Another similarity between the present and the past that Zygar’s book reveals is the obsession of the political elites with foreign policy at the expense of resolving the domestic problems: in their attempt to explore the Far East of Russia, Nicolas II and his close advisers conduct expansionist policy in north-western China, seized Manchuria in 1900, launched the Russian language support in this region and the exploration of China. Those who surround Nicolas II dream about deploying Russian troops there to create a sort of colony. All this conjures up today’s Russian foreign policy: its pivot to the East, the takeover of Crimea and the military operation in Syria. What lesson could the Russian authorities learn today? The obsession with foreign policy and negligence toward the domestic problems (economic meltdown, corruption, inequality, the absence of good institutions) might lead to the collapse of statehood in the long run.

Political theater

In his new book Zygar tries to follow the same scheme he chose in All The Kremlin’s Men: He depicts the history and political reality through the lenses of the key characters of the political process. By analyzing archives, historical documents, memoirs, he and his team created a sort of patchwork that introduces to readers very diverse political and cultural figures – from classic writers Leo Tolstoy and Maxim Gorky to revolutionaries Leon Trotsky and Vladimir Lenin; from ministers Sergei Witte and Pyotr Stolypin to popular leaders of the public protest Georgy Gapon and Alexander Kerensky; from religious mystic and self-proclaimed holy man Grigori Rasputin to Russian prominent art critic Sergei Diaghilev; from empresses Maria and Alexandra to politicians Pavel Miliukov and Alexander Guchkov.

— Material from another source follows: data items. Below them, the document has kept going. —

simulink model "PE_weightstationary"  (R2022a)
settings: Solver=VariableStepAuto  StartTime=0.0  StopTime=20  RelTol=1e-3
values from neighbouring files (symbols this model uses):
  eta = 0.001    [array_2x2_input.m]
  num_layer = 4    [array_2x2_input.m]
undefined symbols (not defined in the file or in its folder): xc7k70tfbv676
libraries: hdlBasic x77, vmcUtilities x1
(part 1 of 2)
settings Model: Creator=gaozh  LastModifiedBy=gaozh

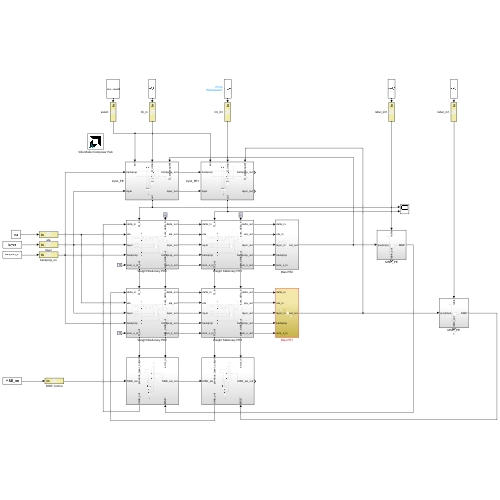
[thumbnail: Simulink's stored preview of the top-level diagram]
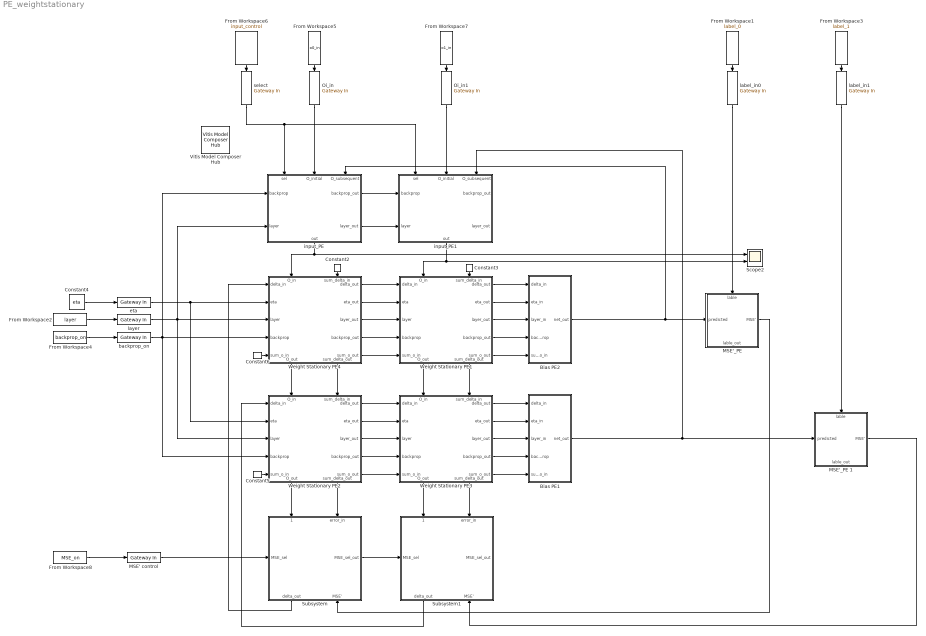
== system PE_weightstationary ==
  Bias PE1 : Subsystem
  Bias PE2 : Subsystem
  Constant{2..3,5..6} (4 alike) : hdlBasic/Constant  const=0  gui_display_data_type=Fixed-point  arith_type=Signed (2's comp)  n_bits=num_bits  bin_pt=frac_bits  preci_type=Single  exp_width=8  frac_width=24  explicit_period=off  period=1  XmcBlockStatus=1  maskContainerNames=tabcontainer1  block_type=constant  block_config=sysgen:Constant_config
  Constant4 : Constant  Value=eta
  From Workspace1 : FromWorkspace  VariableName=label_0
  From Workspace2 : FromWorkspace  VariableName=layer
  From Workspace3 : FromWorkspace  VariableName=label_1
  From Workspace4 : FromWorkspace  VariableName=backprop_on
  From Workspace5 : FromWorkspace  VariableName=o0_in
  From Workspace6 : FromWorkspace  VariableName=input_control
  From Workspace7 : FromWorkspace  VariableName=o1_in
  From Workspace8 : FromWorkspace  VariableName=MSE_on
  MSE' control : hdlBasic/Gateway In  gui_display_data_type=Boolean  arith_type=Boolean  n_bits=num_bits  bin_pt=0  preci_type=Single  exp_width=8  frac_width=24  rows=1  columns=1  quantization="Round  (unbiased: +/- Inf)"  overflow=Saturate  period=1  UseAsADC=off  ADCChannel='1'  interface=None  automatic_assignment=on  address_offset=hex2dec('00')  intf_name=''  intf_description=''  default_value=0  timing_constraint=None  locs_specified=off  LOCs={}  io_standard={}  inherit_from_input=off  hdl_port=on  XmcBlockStatus=1  maskContainerNames=group4  block_type=gatewayin  block_config=sysgen:gateway_in_config  block_width_w=590  block_height_w=620  block_width=640  block_height=850
  "MSE'_PE " : Subsystem
      settings: PortSchema="{\"entries\":[{\"content\":{\"sides\":[{\"content\":{\"connectorIds\":[\"In1\"]},\"type\":\"ConnectorPlacement.EquallySpacedRectSide\",\"uuid\":\"709b04f5-809b-41cc-9440-aba08c0e6347\"},{\"content\":{\"connectorIds\":[\"Out1\"],\"side\":\"RIGHT\"},\"type\":\"ConnectorPlacement.EquallySpacedRectSide\",\"uuid\":\"2a9bc808-cd74-4923-8833-c733d5b55101\"},{\"content\":{\"connectorIds\":[\"In2\"],\"side\":\"TOP\"},\"type\":\"ConnectorPlacement.EquallySpacedRectSide\",\"uuid\":\"1b9115af-72f6-4ff5-884d-2691fdb3b6f3\"},{\"content\":{\"connectorIds\":[\"Out2\"],\"side\":\"BOTTOM\"},\"type\":\"ConnectorPlacement.EquallySpacedRectSide\",\"uuid\":\"91ceb1b5-75ad-4997-b7e4-e67318ba19d7\"}]},\"type\":\"ConnectorPlacement.EquallySpacedConnector\",\"uuid\":\"1849f986-7f00-43c7-976b-1eef01c166bf\"}],\"packageUris\":[\"http://schema.mathworks.com/mf0/Connector/R2020b\"],\"version\":\"1.0\"}"
  MSE'_PE 1 : Subsystem
      settings: PortSchema="{\"entries\":[{\"content\":{\"sides\":[{\"content\":{\"connectorIds\":[\"In1\"]},\"type\":\"ConnectorPlacement.EquallySpacedRectSide\",\"uuid\":\"709b04f5-809b-41cc-9440-aba08c0e6347\"},{\"content\":{\"connectorIds\":[\"Out1\"],\"side\":\"RIGHT\"},\"type\":\"ConnectorPlacement.EquallySpacedRectSide\",\"uuid\":\"2a9bc808-cd74-4923-8833-c733d5b55101\"},{\"content\":{\"connectorIds\":[\"In2\"],\"side\":\"TOP\"},\"type\":\"ConnectorPlacement.EquallySpacedRectSide\",\"uuid\":\"1b9115af-72f6-4ff5-884d-2691fdb3b6f3\"},{\"content\":{\"connectorIds\":[\"Out2\"],\"side\":\"BOTTOM\"},\"type\":\"ConnectorPlacement.EquallySpacedRectSide\",\"uuid\":\"91ceb1b5-75ad-4997-b7e4-e67318ba19d7\"}]},\"type\":\"ConnectorPlacement.EquallySpacedConnector\",\"uuid\":\"1849f986-7f00-43c7-976b-1eef01c166bf\"}],\"packageUris\":[\"http://schema.mathworks.com/mf0/Connector/R2020b\"],\"version\":\"1.0\"}"
  Oi_in : hdlBasic/Gateway In  gui_display_data_type=Fixed-point  arith_type=Signed (2's comp)  n_bits=num_bits  bin_pt=frac_bits  preci_type=Single  exp_width=8  frac_width=24  rows=1  columns=1  quantization="Round  (unbiased: +/- Inf)"  overflow=Saturate  period=1  UseAsADC=off  ADCChannel='1'  interface=None  automatic_assignment=on  address_offset=hex2dec('00')  intf_name=''  intf_description=''  default_value=0  timing_constraint=None  locs_specified=off  LOCs={}  io_standard={}  inherit_from_input=off  hdl_port=on  XmcBlockStatus=1  maskContainerNames=group4  block_type=gatewayin  block_config=sysgen:gateway_in_config  block_width_w=590  block_height_w=620  block_width=640  block_height=850
  Oi_in1 : hdlBasic/Gateway In  gui_display_data_type=Fixed-point  arith_type=Signed (2's comp)  n_bits=num_bits  bin_pt=frac_bits  preci_type=Single  exp_width=8  frac_width=24  rows=1  columns=1  quantization="Round  (unbiased: +/- Inf)"  overflow=Saturate  period=1  UseAsADC=off  ADCChannel='1'  interface=None  automatic_assignment=on  address_offset=hex2dec('00')  intf_name=''  intf_description=''  default_value=0  timing_constraint=None  locs_specified=off  LOCs={}  io_standard={}  inherit_from_input=off  hdl_port=on  XmcBlockStatus=1  maskContainerNames=group4  block_type=gatewayin  block_config=sysgen:gateway_in_config  block_width_w=590  block_height_w=620  block_width=640  block_height=850
  Scope2 : Scope  NumInputPorts=2
  Subsystem : Subsystem
      settings: PortSchema="{\"entries\":[{\"content\":{\"sides\":[{\"content\":{\"connectorIds\":[\"In1\",\"In2\"]},\"type\":\"ConnectorPlacement.EquallySpacedRectSide\",\"uuid\":\"dbd75916-d643-4f7d-9fb6-d710889911bc\"},{\"content\":{\"connectorIds\":[\"Out1\",\"In4\"],\"side\":\"RIGHT\"},\"type\":\"ConnectorPlacement.EquallySpacedRectSide\",\"uuid\":\"bd082d37-a6ba-4642-a234-a4ee2405f373\"},{\"content\":{\"connectorIds\":[\"In3\"],\"side\":\"TOP\"},\"type\":\"ConnectorPlacement.EquallySpacedRectSide\",\"uuid\":\"2acf0bf3-92c2-4168-859e-2b2ecd63c261\"},{\"content\":{\"connectorIds\":[\"Out2\"],\"side\":\"BOTTOM\"},\"type\":\"ConnectorPlacement.EquallySpacedRectSide\",\"uuid\":\"570ce3db-e00a-4edd-9e75-c3405427573c\"}]},\"type\":\"ConnectorPlacement.EquallySpacedConnector\",\"uuid\":\"e2ba7bdc-2926-4fef-94e6-45d12da95ba7\"}],\"packageUris\":[\"http://schema.mathworks.com/mf0/Connector/R2020b\"],\"version\":\"1.0\"}"
  Subsystem1 : Subsystem
      settings: PortSchema="{\"entries\":[{\"content\":{\"sides\":[{\"content\":{\"connectorIds\":[\"In1\",\"In2\"]},\"type\":\"ConnectorPlacement.EquallySpacedRectSide\",\"uuid\":\"dbd75916-d643-4f7d-9fb6-d710889911bc\"},{\"content\":{\"connectorIds\":[\"Out1\",\"In4\"],\"side\":\"RIGHT\"},\"type\":\"ConnectorPlacement.EquallySpacedRectSide\",\"uuid\":\"bd082d37-a6ba-4642-a234-a4ee2405f373\"},{\"content\":{\"connectorIds\":[\"In3\"],\"side\":\"TOP\"},\"type\":\"ConnectorPlacement.EquallySpacedRectSide\",\"uuid\":\"2acf0bf3-92c2-4168-859e-2b2ecd63c261\"},{\"content\":{\"connectorIds\":[\"Out2\"],\"side\":\"BOTTOM\"},\"type\":\"ConnectorPlacement.EquallySpacedRectSide\",\"uuid\":\"570ce3db-e00a-4edd-9e75-c3405427573c\"}]},\"type\":\"ConnectorPlacement.EquallySpacedConnector\",\"uuid\":\"e2ba7bdc-2926-4fef-94e6-45d12da95ba7\"}],\"packageUris\":[\"http://schema.mathworks.com/mf0/Connector/R2020b\"],\"version\":\"1.0\"}"
  Vitis Model Composer Hub : vmcUtilities/Vitis Model Composer Hub  Tag=genX  CodeGeneration=off  TargetDirectory=./code  ExportType=AI Engines  IpVendor=xilinx.com  IpLibrary=hls  IpVersion=1.0  IpHWLanguage=Verilog  AieCompilerOptions={}  AieSimulatorOptions={}  CreateTestbench=off  TestbenchStackSize=10  RunAieSim=off  AieSimTimeout=50000  RunAieSimProfiling=off  LaunchVitisAnalyzer=off  PlotOutput=off  RunX86Sim=off  X86SimTimeout=10  GenHwImage=off  PlatformType=Not Specified  HwSystemType=Baremetal  HwValidationTarget=hw  ProjDevice=xc7k70tfbv676-1  ProjDevicePart=xc7k70tfbv676-1  SamplePeriod=-1  ClockFrequency=200  DataPathParallelism=1  xilinxfamily=kintex7  part=xc7k70t  speed=-1  package=fbv676  directory=./netlist  testbench=off  incr_netlist=off  synthesis_tool=Vivado  clock_wrapper=Clock Enables  dbl_ovrd=According to Block Masks  dcm_input_clock_period=10  sysclk_period=10  simulink_period=1  eval_field=0  IPInfoJsonString="{\"HDLSubsystem\":{\"SubsystemName\":\"PE_weightstationary\",\"IPName\":\"weight_pe\",\"IPLibrary\":\"VMC\",\"IPVendor\":\"User Company\",\"IPVersion\":\"1.0\"}}"  LogFileName=''  NThreads=4
  Weight Stationary PE1 : Subsystem
      settings: PortSchema="{\"entries\":[{\"content\":{\"sides\":[{\"content\":{\"connectorIds\":[\"In1\",\"In2\",\"In3\",\"In4\",\"In5\"]},\"type\":\"ConnectorPlacement.EquallySpacedRectSide\",\"uuid\":\"632a3ded-5b94-406e-b0d8-119737680536\"},{\"content\":{\"connectorIds\":[\"Out1\",\"Out2\",\"Out3\",\"Out4\",\"Out5\"],\"side\":\"RIGHT\"},\"type\":\"ConnectorPlacement.EquallySpacedRectSide\",\"uuid\":\"c449027c-81bc-4843-8994-fcad26195520\"},{\"content\":{\"connectorIds\":[\"In6\",\"In7\"],\"side\":\"TOP\"},\"type\":\"ConnectorPlacement.EquallySpacedRectSide\",\"uuid\":\"ce3d970d-7335-434e-bfbf-286e0c492397\"},{\"content\":{\"connectorIds\":[\"Out6\",\"Out7\"],\"side\":\"BOTTOM\"},\"type\":\"ConnectorPlacement.EquallySpacedRectSide\",\"uuid\":\"bc179919-f31d-4e0a-abc3-bb5ef913c3c8\"}]},\"type\":\"ConnectorPlacement.EquallySpacedConnector\",\"uuid\":\"cad1cfc6-1bed-4a03-a2df-30ebe0a8ed6f\"}],\"packageUris\":[\"http://schema.mathworks.com/mf0/Connector/R2020b\"],\"version\":\"1.0\"}"
  Weight Stationary PE2 : Subsystem
      settings: PortSchema="{\"entries\":[{\"content\":{\"sides\":[{\"content\":{\"connectorIds\":[\"In1\",\"In2\",\"In3\",\"In4\",\"In5\"]},\"type\":\"ConnectorPlacement.EquallySpacedRectSide\",\"uuid\":\"632a3ded-5b94-406e-b0d8-119737680536\"},{\"content\":{\"connectorIds\":[\"Out1\",\"Out2\",\"Out3\",\"Out4\",\"Out5\"],\"side\":\"RIGHT\"},\"type\":\"ConnectorPlacement.EquallySpacedRectSide\",\"uuid\":\"c449027c-81bc-4843-8994-fcad26195520\"},{\"content\":{\"connectorIds\":[\"In6\",\"In7\"],\"side\":\"TOP\"},\"type\":\"ConnectorPlacement.EquallySpacedRectSide\",\"uuid\":\"ce3d970d-7335-434e-bfbf-286e0c492397\"},{\"content\":{\"connectorIds\":[\"Out6\",\"Out7\"],\"side\":\"BOTTOM\"},\"type\":\"ConnectorPlacement.EquallySpacedRectSide\",\"uuid\":\"bc179919-f31d-4e0a-abc3-bb5ef913c3c8\"}]},\"type\":\"ConnectorPlacement.EquallySpacedConnector\",\"uuid\":\"cad1cfc6-1bed-4a03-a2df-30ebe0a8ed6f\"}],\"packageUris\":[\"http://schema.mathworks.com/mf0/Connector/R2020b\"],\"version\":\"1.0\"}"
  Weight Stationary PE3 : Subsystem
      settings: PortSchema="{\"entries\":[{\"content\":{\"sides\":[{\"content\":{\"connectorIds\":[\"In1\",\"In2\",\"In3\",\"In4\",\"In5\"]},\"type\":\"ConnectorPlacement.EquallySpacedRectSide\",\"uuid\":\"632a3ded-5b94-406e-b0d8-119737680536\"},{\"content\":{\"connectorIds\":[\"Out1\",\"Out2\",\"Out3\",\"Out4\",\"Out5\"],\"side\":\"RIGHT\"},\"type\":\"ConnectorPlacement.EquallySpacedRectSide\",\"uuid\":\"c449027c-81bc-4843-8994-fcad26195520\"},{\"content\":{\"connectorIds\":[\"In6\",\"In7\"],\"side\":\"TOP\"},\"type\":\"ConnectorPlacement.EquallySpacedRectSide\",\"uuid\":\"ce3d970d-7335-434e-bfbf-286e0c492397\"},{\"content\":{\"connectorIds\":[\"Out6\",\"Out7\"],\"side\":\"BOTTOM\"},\"type\":\"ConnectorPlacement.EquallySpacedRectSide\",\"uuid\":\"bc179919-f31d-4e0a-abc3-bb5ef913c3c8\"}]},\"type\":\"ConnectorPlacement.EquallySpacedConnector\",\"uuid\":\"cad1cfc6-1bed-4a03-a2df-30ebe0a8ed6f\"}],\"packageUris\":[\"http://schema.mathworks.com/mf0/Connector/R2020b\"],\"version\":\"1.0\"}"
  Weight Stationary PE4 : Subsystem
      settings: PortSchema="{\"entries\":[{\"content\":{\"sides\":[{\"content\":{\"connectorIds\":[\"In1\",\"In2\",\"In3\",\"In4\",\"In5\"]},\"type\":\"ConnectorPlacement.EquallySpacedRectSide\",\"uuid\":\"632a3ded-5b94-406e-b0d8-119737680536\"},{\"content\":{\"connectorIds\":[\"Out1\",\"Out2\",\"Out3\",\"Out4\",\"Out5\"],\"side\":\"RIGHT\"},\"type\":\"ConnectorPlacement.EquallySpacedRectSide\",\"uuid\":\"c449027c-81bc-4843-8994-fcad26195520\"},{\"content\":{\"connectorIds\":[\"In6\",\"In7\"],\"side\":\"TOP\"},\"type\":\"ConnectorPlacement.EquallySpacedRectSide\",\"uuid\":\"ce3d970d-7335-434e-bfbf-286e0c492397\"},{\"content\":{\"connectorIds\":[\"Out6\",\"Out7\"],\"side\":\"BOTTOM\"},\"type\":\"ConnectorPlacement.EquallySpacedRectSide\",\"uuid\":\"bc179919-f31d-4e0a-abc3-bb5ef913c3c8\"}]},\"type\":\"ConnectorPlacement.EquallySpacedConnector\",\"uuid\":\"cad1cfc6-1bed-4a03-a2df-30ebe0a8ed6f\"}],\"packageUris\":[\"http://schema.mathworks.com/mf0/Connector/R2020b\"],\"version\":\"1.0\"}"
  backprop_on : hdlBasic/Gateway In  gui_display_data_type=Boolean  arith_type=Boolean  n_bits=num_bits  bin_pt=0  preci_type=Single  exp_width=8  frac_width=24  rows=1  columns=1  quantization="Round  (unbiased: +/- Inf)"  overflow=Saturate  period=1  UseAsADC=off  ADCChannel='1'  interface=None  automatic_assignment=on  address_offset=hex2dec('00')  intf_name=''  intf_description=''  default_value=0  timing_constraint=None  locs_specified=off  LOCs={}  io_standard={}  inherit_from_input=off  hdl_port=on  XmcBlockStatus=1  maskContainerNames=group4  block_type=gatewayin  block_config=sysgen:gateway_in_config  block_width_w=590  block_height_w=620  block_width=640  block_height=850
  eta : hdlBasic/Gateway In  gui_display_data_type=Fixed-point  arith_type=Signed (2's comp)  n_bits=num_bits  bin_pt=frac_bits  preci_type=Single  exp_width=8  frac_width=24  rows=1  columns=1  quantization="Round  (unbiased: +/- Inf)"  overflow=Saturate  period=1  UseAsADC=off  ADCChannel='1'  interface=None  automatic_assignment=on  address_offset=hex2dec('00')  intf_name=''  intf_description=''  default_value=0  timing_constraint=None  locs_specified=off  LOCs={}  io_standard={}  inherit_from_input=off  hdl_port=on  XmcBlockStatus=1  maskContainerNames=group4  block_type=gatewayin  block_config=sysgen:gateway_in_config  block_width_w=590  block_height_w=620  block_width=640  block_height=850
  input_PE : Subsystem
      settings: PortSchema="{\"entries\":[{\"content\":{\"sides\":[{\"content\":{\"connectorIds\":[\"In1\",\"In2\",\"In3\"]},\"type\":\"ConnectorPlacement.EquallySpacedRectSide\",\"uuid\":\"a4b85e5c-8615-4c6f-a824-e1b9d50a6a2f\"},{\"content\":{\"connectorIds\":[\"Out1\"],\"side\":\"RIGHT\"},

Every chapter tells the story about a certain character, which connect all the dots into one coherent narrative and its key idea is – the death of the Russian empire was inevitable, because the entire system became outdated and didn’t meet the demands of modernity.

The Empire Must Die looks like a long serial, yet its characters are real historical figures and its ending is tragic and well-known. Zygar just reminds about the implication of reckless political behavior. This book is worth reading at least because it describes the country’s history through the lenses of the Russian society, not only from the point of view of statesmen and the ruler. This book is an attempt to write the biography of the Russian society and study its goals and the reasons why the Russian people provoked the collapse of the entire empire, wrote Zygar in his foreword.

This idea was repeated more explicitly in his interview to JRL: “History of Russia was the history of the government and its leadership, and this is a very vicious” tradition, because there are no ordinary people and their interests behind such history <…> Many historical figures that took the lead in 1917 are not familiar to ordinary Russians today, but they played a very significant role in Russia’s politics. Remarkably, these people defended not their personal ambitions, but they defended the interests of society.”

Thus, the main goal of Zygar’s book is to prove that every member of society can contribute to the development of a country’s history and make difference.